Graffitis antisémites sur des boîtes aux lettres affichant un portrait de la défunte politicienne et survivante de l'Holocauste Simone Veil. Photo prise le 11 février 2019 dans le 13e arrondissement de Paris.
© AFP - Jacques Demarthon

Les faits antisémites ont augmenté l'an dernier, selon le ministère de l'Intérieur. Même si les plus graves, les atteintes aux personnes, sont en net recul. Les menaces sont avant tout en question. Une récente étude inédite a d'ailleurs détaillé à quel point les juifs de France s'estimaient visés.

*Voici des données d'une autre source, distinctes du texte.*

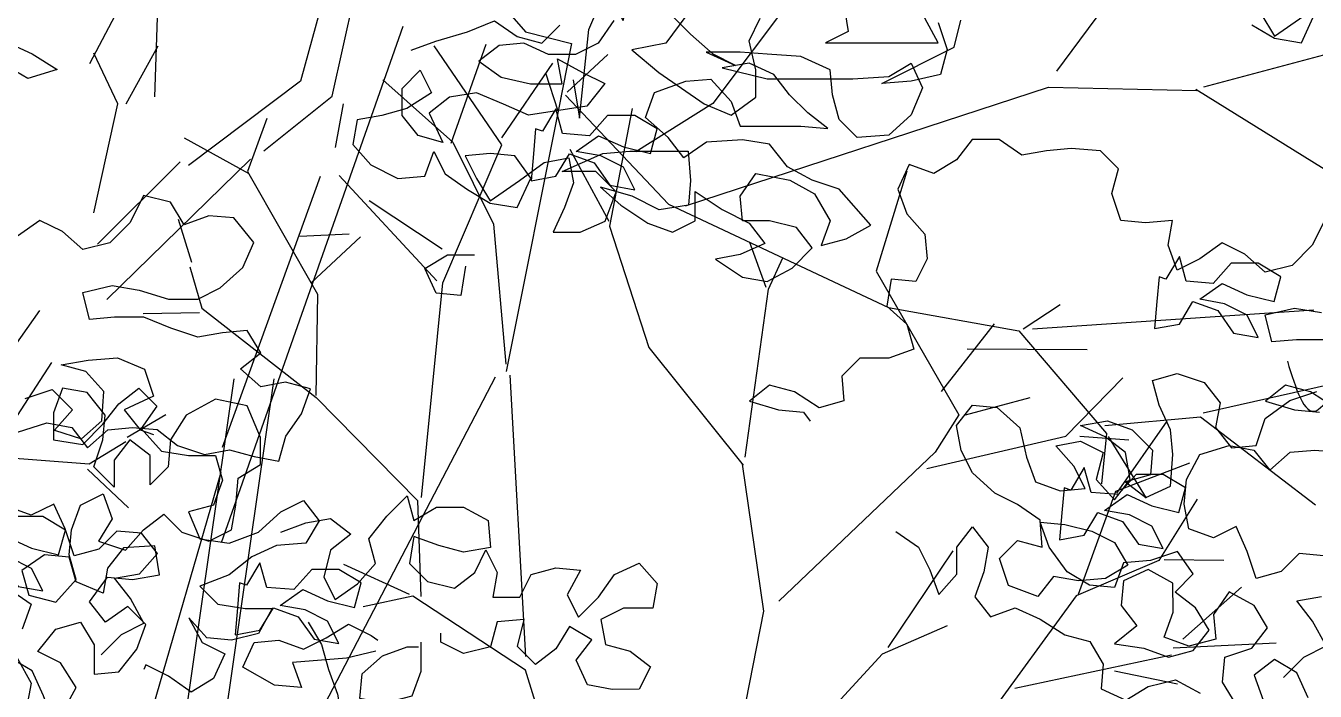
# Model space of a CAD drawing. Header units: metres. Extents: x 37 to 217, y 53 to 242.
# Drawn here: x 49.606 to 53.836, y 61.25 to 63.433 of the extents above; entities that cross this region are included whole.
import ezdxf

# ---------------------------------------------------------------- set-up
doc = ezdxf.new("R2010")
doc.units = ezdxf.units.M
doc.layers.add('DGPRO_Arboles existentes', color=7, linetype='Continuous')

# ---------------------------------------------------------------- blocks, each defined once
blk = doc.blocks.new('Celtis tala VISTA 250 gris')
at = {"color": 252}
for p, q in [((2391.4908, 1078.5062), (2390.9137, 1077.4036)), ((2391.4908, 1078.5062), (2390.9137, 1077.4036)), ((2392.5508, 1077.5169), (2392.7549, 1077.9954)), ((2392.5508, 1077.5169), (2392.7549, 1077.9954)), ((2391.1507, 1077.9743), (2391.1262, 1077.2961)), ((2391.1507, 1077.9743), (2391.1262, 1077.2961)), ((2391.7615, 1077.9154), (2391.6052, 1077.347)), ((2391.7615, 1077.9154), (2391.6052, 1077.347)), ((2394.5079, 1077.9492), (2394.0852, 1077.3798)), ((2394.5079, 1077.9492), (2394.0852, 1077.3798)), ((2391.7096, 1077.2983), (2391.8387, 1077.8803)), ((2391.7096, 1077.2983), (2391.8387, 1077.8803)), ((2392.0498, 1077.8467), (2392.3437, 1077.5089)), ((2392.0498, 1077.8467), (2392.3437, 1077.5089)), ((2393.2529, 1077.6671), (2392.9584, 1077.2742)), ((2393.2529, 1077.6671), (2392.9584, 1077.2742)), ((2391.9414, 1077.5267), (2391.3459, 1075.8318)), ((2391.9414, 1077.5267), (2391.3459, 1075.8318)), ((2392.3437, 1077.5089), (2392.4947, 1077.4709)), ((2392.3437, 1077.5089), (2392.4947, 1077.4709)), ((2392.5207, 1077.2254), (2392.5508, 1077.5169)), ((2392.5207, 1077.2254), (2392.5508, 1077.5169)), ((2391.0333, 1077.2723), (2391.139, 1077.4626)), ((2391.0333, 1077.2723), (2391.139, 1077.4626)), ((2392.2659, 1077.1378), (2392.0436, 1077.4627)), ((2392.2659, 1077.1378), (2392.0436, 1077.4627)), ((2392.0998, 1077.1432), (2392.2143, 1077.4683)), ((2392.0998, 1077.1432), (2392.2143, 1077.4683)), ((2392.4947, 1077.4709), (2392.4511, 1077.2489)), ((2392.4947, 1077.4709), (2392.4511, 1077.2489)), ((2394.5681, 1077.3281), (2395.1052, 1077.4723)), ((2394.5681, 1077.3281), (2395.1052, 1077.4723)), ((2391.0068, 1077.2723), (2390.9276, 1077.4388)), ((2391.0068, 1077.2723), (2390.9276, 1077.4388)), ((2392.266, 1077.1616), (2392.4332, 1077.4066)), ((2392.266, 1077.1616), (2392.4332, 1077.4066)), ((2392.4805, 1077.311), (2392.6132, 1077.4342)), ((2392.4805, 1077.311), (2392.6132, 1077.4342)), ((2392.4511, 1077.2489), (2392.4108, 1077.3729)), ((2392.4511, 1077.2489), (2392.4108, 1077.3729)), ((2391.6052, 1077.347), (2391.2386, 1077.0699)), ((2391.6052, 1077.347), (2391.2386, 1077.0699)), ((2391.8752, 1077.3516), (2392.1054, 1077.1468)), ((2391.8752, 1077.3516), (2392.1054, 1077.1468)), ((2392.4996, 1077.351), (2392.5207, 1077.2254)), ((2392.4996, 1077.351), (2392.5207, 1077.2254)), ((2392.8689, 1076.9381), (2394.0592, 1077.3278)), ((2392.8689, 1076.9381), (2394.0592, 1077.3278)), ((2394.0592, 1077.3278), (2394.5457, 1077.3165)), ((2394.0592, 1077.3278), (2394.5457, 1077.3165)), ((2394.9633, 1077.0587), (2394.5424, 1077.3192)), ((2394.9633, 1077.0587), (2394.5424, 1077.3192)), ((2391.4855, 1077.1188), (2391.7096, 1077.2983)), ((2391.4855, 1077.1188), (2391.7096, 1077.2983)), ((2392.4611, 1077.2983), (2392.2805, 1076.3946)), ((2392.4611, 1077.2983), (2392.2805, 1076.3946)), ((2392.4746, 1077.3007), (2392.813, 1076.9438)), ((2392.4746, 1077.3007), (2392.813, 1076.9438)), ((2392.9584, 1077.2742), (2392.7059, 1077.1151)), ((2392.9584, 1077.2742), (2392.7059, 1077.1151)), ((2390.9276, 1076.9155), (2391.0068, 1077.2723)), ((2390.9276, 1076.9155), (2391.0068, 1077.2723)), ((2391.7204, 1077.1296), (2391.7468, 1077.2723)), ((2391.7204, 1077.1296), (2391.7468, 1077.2723)), ((2392.6939, 1077.2577), (2392.6196, 1076.8718)), ((2392.6939, 1077.2577), (2392.6196, 1076.8718)), ((2391.4957, 1077.2241), (2391.4315, 1077.0511)), ((2391.4957, 1077.2241), (2391.4315, 1077.0511)), ((2391.437, 1077.0428), (2391.2248, 1077.1603)), ((2391.437, 1077.0428), (2391.2248, 1077.1603)), ((2392.1054, 1077.1468), (2392.2389, 1076.8783)), ((2392.1054, 1077.1468), (2392.2389, 1076.8783)), ((2392.0728, 1076.6855), (2392.2659, 1077.1378)), ((2392.0728, 1076.6855), (2392.2659, 1077.1378)), ((2392.6178, 1076.8865), (2392.4896, 1077.1229)), ((2392.6178, 1076.8865), (2392.4896, 1077.1229)), ((2391.2108, 1077.0826), (2390.9398, 1076.8117)), ((2391.2108, 1077.0826), (2390.9398, 1076.8117)), ((2391.4416, 1077.0916), (2390.9699, 1076.6312)), ((2391.4416, 1077.0916), (2390.9699, 1076.6312)), ((2391.3501, 1076.1461), (2391.6707, 1077.035)), ((2391.3501, 1076.1461), (2391.6707, 1077.035)), ((2391.4315, 1077.0511), (2391.6617, 1076.6481)), ((2391.4315, 1077.0511), (2391.6617, 1076.6481)), ((2392.0529, 1076.6918), (2391.7319, 1077.0378)), ((2392.0529, 1076.6918), (2391.7319, 1077.0378)), ((2393.5947, 1077.0514), (2393.494, 1076.7235)), ((2393.5947, 1077.0514), (2393.494, 1076.7235)), ((2391.8313, 1076.9551), (2392.0704, 1076.7973)), ((2391.8313, 1076.9551), (2392.0704, 1076.7973)), ((2392.813, 1076.9438), (2393.5344, 1076.6045)), ((2392.813, 1076.9438), (2393.5344, 1076.6045)), ((2391.2494, 1076.7517), (2391.2059, 1076.8933)), ((2391.2494, 1076.7517), (2391.2059, 1076.8933)), ((2392.2389, 1076.8783), (2392.2787, 1076.4181)), ((2392.2389, 1076.8783), (2392.2787, 1076.4181)), ((2392.6196, 1076.8718), (2392.7479, 1076.4731)), ((2392.6196, 1076.8718), (2392.7479, 1076.4731)), ((2391.6037, 1076.8382), (2391.7657, 1076.8461)), ((2391.6037, 1076.8382), (2391.7657, 1076.8461)), ((2391.8021, 1076.8364), (2391.6412, 1076.6863)), ((2391.8021, 1076.8364), (2391.6412, 1076.6863)), ((2393.0787, 1076.8188), (2393.1323, 1076.6711)), ((2393.0787, 1076.8188), (2393.1323, 1076.6711)), ((2393.141, 1076.6645), (2393.1872, 1076.7678)), ((2393.141, 1076.6645), (2393.1872, 1076.7678)), ((2391.2422, 1076.7381), (2391.2817, 1076.6028)), ((2391.2422, 1076.7381), (2391.2817, 1076.6028)), ((2393.494, 1076.7235), (2393.765, 1076.2525)), ((2393.494, 1076.7235), (2393.765, 1076.2525)), ((2392.0024, 1075.9814), (2392.0728, 1076.6855)), ((2392.0024, 1075.9814), (2392.0728, 1076.6855)), ((2391.6617, 1076.6481), (2391.6554, 1076.3152)), ((2391.6617, 1076.6481), (2391.6554, 1076.3152)), ((2393.0636, 1076.1137), (2393.141, 1076.6645)), ((2393.0636, 1076.1137), (2393.141, 1076.6645)), ((2391.2817, 1076.6028), (2391.6568, 1076.3097)), ((2391.2817, 1076.6028), (2391.6568, 1076.3097)), ((2393.5344, 1076.6045), (2393.9616, 1076.5284)), ((2393.5344, 1076.6045), (2393.9616, 1076.5284)), ((2393.9756, 1076.534), (2394.0971, 1076.6141)), ((2393.9756, 1076.534), (2394.0971, 1076.6141)), ((2394.007, 1076.5347), (2394.9295, 1076.5967)), ((2394.007, 1076.5347), (2394.9295, 1076.5967)), ((2390.7492, 1076.595), (2390.2675, 1075.9089)), ((2390.7492, 1076.595), (2390.2675, 1075.9089)), ((2391.2742, 1076.5867), (2391.0898, 1076.584)), ((2391.2742, 1076.5867), (2391.0898, 1076.584)), ((2393.8812, 1076.5509), (2393.7067, 1076.3289)), ((2393.8812, 1076.5509), (2393.7067, 1076.3289)), ((2393.9616, 1076.5284), (2394.2487, 1076.1911)), ((2393.9616, 1076.5284), (2394.2487, 1076.1911)), ((2392.7479, 1076.4731), (2393.0579, 1076.0871)), ((2392.7479, 1076.4731), (2393.0579, 1076.0871)), ((2393.7927, 1076.4688), (2394.1862, 1076.4669)), ((2393.7927, 1076.4688), (2394.1862, 1076.4669)), ((2390.7893, 1076.4235), (2390.3879, 1075.8095)), ((2390.7893, 1076.4235), (2390.3879, 1075.8095)), ((2394.5665, 1076.2587), (2395.2568, 1076.4147)), ((2394.5665, 1076.2587), (2395.2568, 1076.4147)), ((2390.729, 1071.7785), (2391.3881, 1076.3701)), ((2390.729, 1071.7785), (2391.3881, 1076.3701)), ((2390.9554, 1072.4418), (2391.5192, 1076.3701)), ((2390.9554, 1072.4418), (2391.5192, 1076.3701)), ((2392.2442, 1076.3759), (2391.2453, 1074.4601)), ((2392.2442, 1076.3759), (2391.2453, 1074.4601)), ((2392.3448, 1075.4598), (2392.2934, 1076.3829)), ((2392.3448, 1075.4598), (2392.2934, 1076.3829)), ((2394.116, 1076.1828), (2394.3032, 1076.3736)), ((2394.116, 1076.1828), (2394.3032, 1076.3736)), ((2391.6568, 1076.3097), (2391.9891, 1075.9711)), ((2391.6568, 1076.3097), (2391.9891, 1075.9711)), ((2393.7868, 1076.252), (2393.9992, 1076.3092)), ((2393.7868, 1076.252), (2393.9992, 1076.3092)), ((2393.765, 1076.2525), (2393.6874, 1076.1299)), ((2393.765, 1076.2525), (2393.6874, 1076.1299)), ((2394.5579, 1076.2443), (2394.2442, 1076.2166)), ((2394.5579, 1076.2443), (2394.2442, 1076.2166)), ((2394.283, 1075.9958), (2394.4484, 1076.2317)), ((2394.283, 1075.9958), (2394.4484, 1076.2317)), ((2394.9347, 1075.9559), (2394.5579, 1076.2443)), ((2394.9347, 1075.9559), (2394.5579, 1076.2443)), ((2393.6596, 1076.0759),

Ce lundi, 75 ans exactement après la libération d'Auschwitz, des survivants de l'Holocauste, toujours moins nombreux, ont lancé un avertissement au monde face à l'antisémitisme resurgissant. Venus du monde entier dans l'ancien camp nazi, ils étaient plus de deux cents à honorer les plus de 1,1 million de personnes qui y ont perdu la vie et à alerter sur un phénomène renaissant, en particulier en Allemagne. Le chef de la diplomatie allemande vient d'ailleurs de mettre en garde contre un départ "massif" des juifs. En France, toujours ce lundi, Emmanuel Macron a appelé au mémorial de la Shoah à "ne rien céder" face à "l'insupportable regain de l'antisémitisme qui rampe dans notre Europe, dans notre pays", ce "mal souterrain", "qu'il porte son visage de toujours ou qu'il emprunte les masques nouveaux de la haine islamiste de l'antisionisme". 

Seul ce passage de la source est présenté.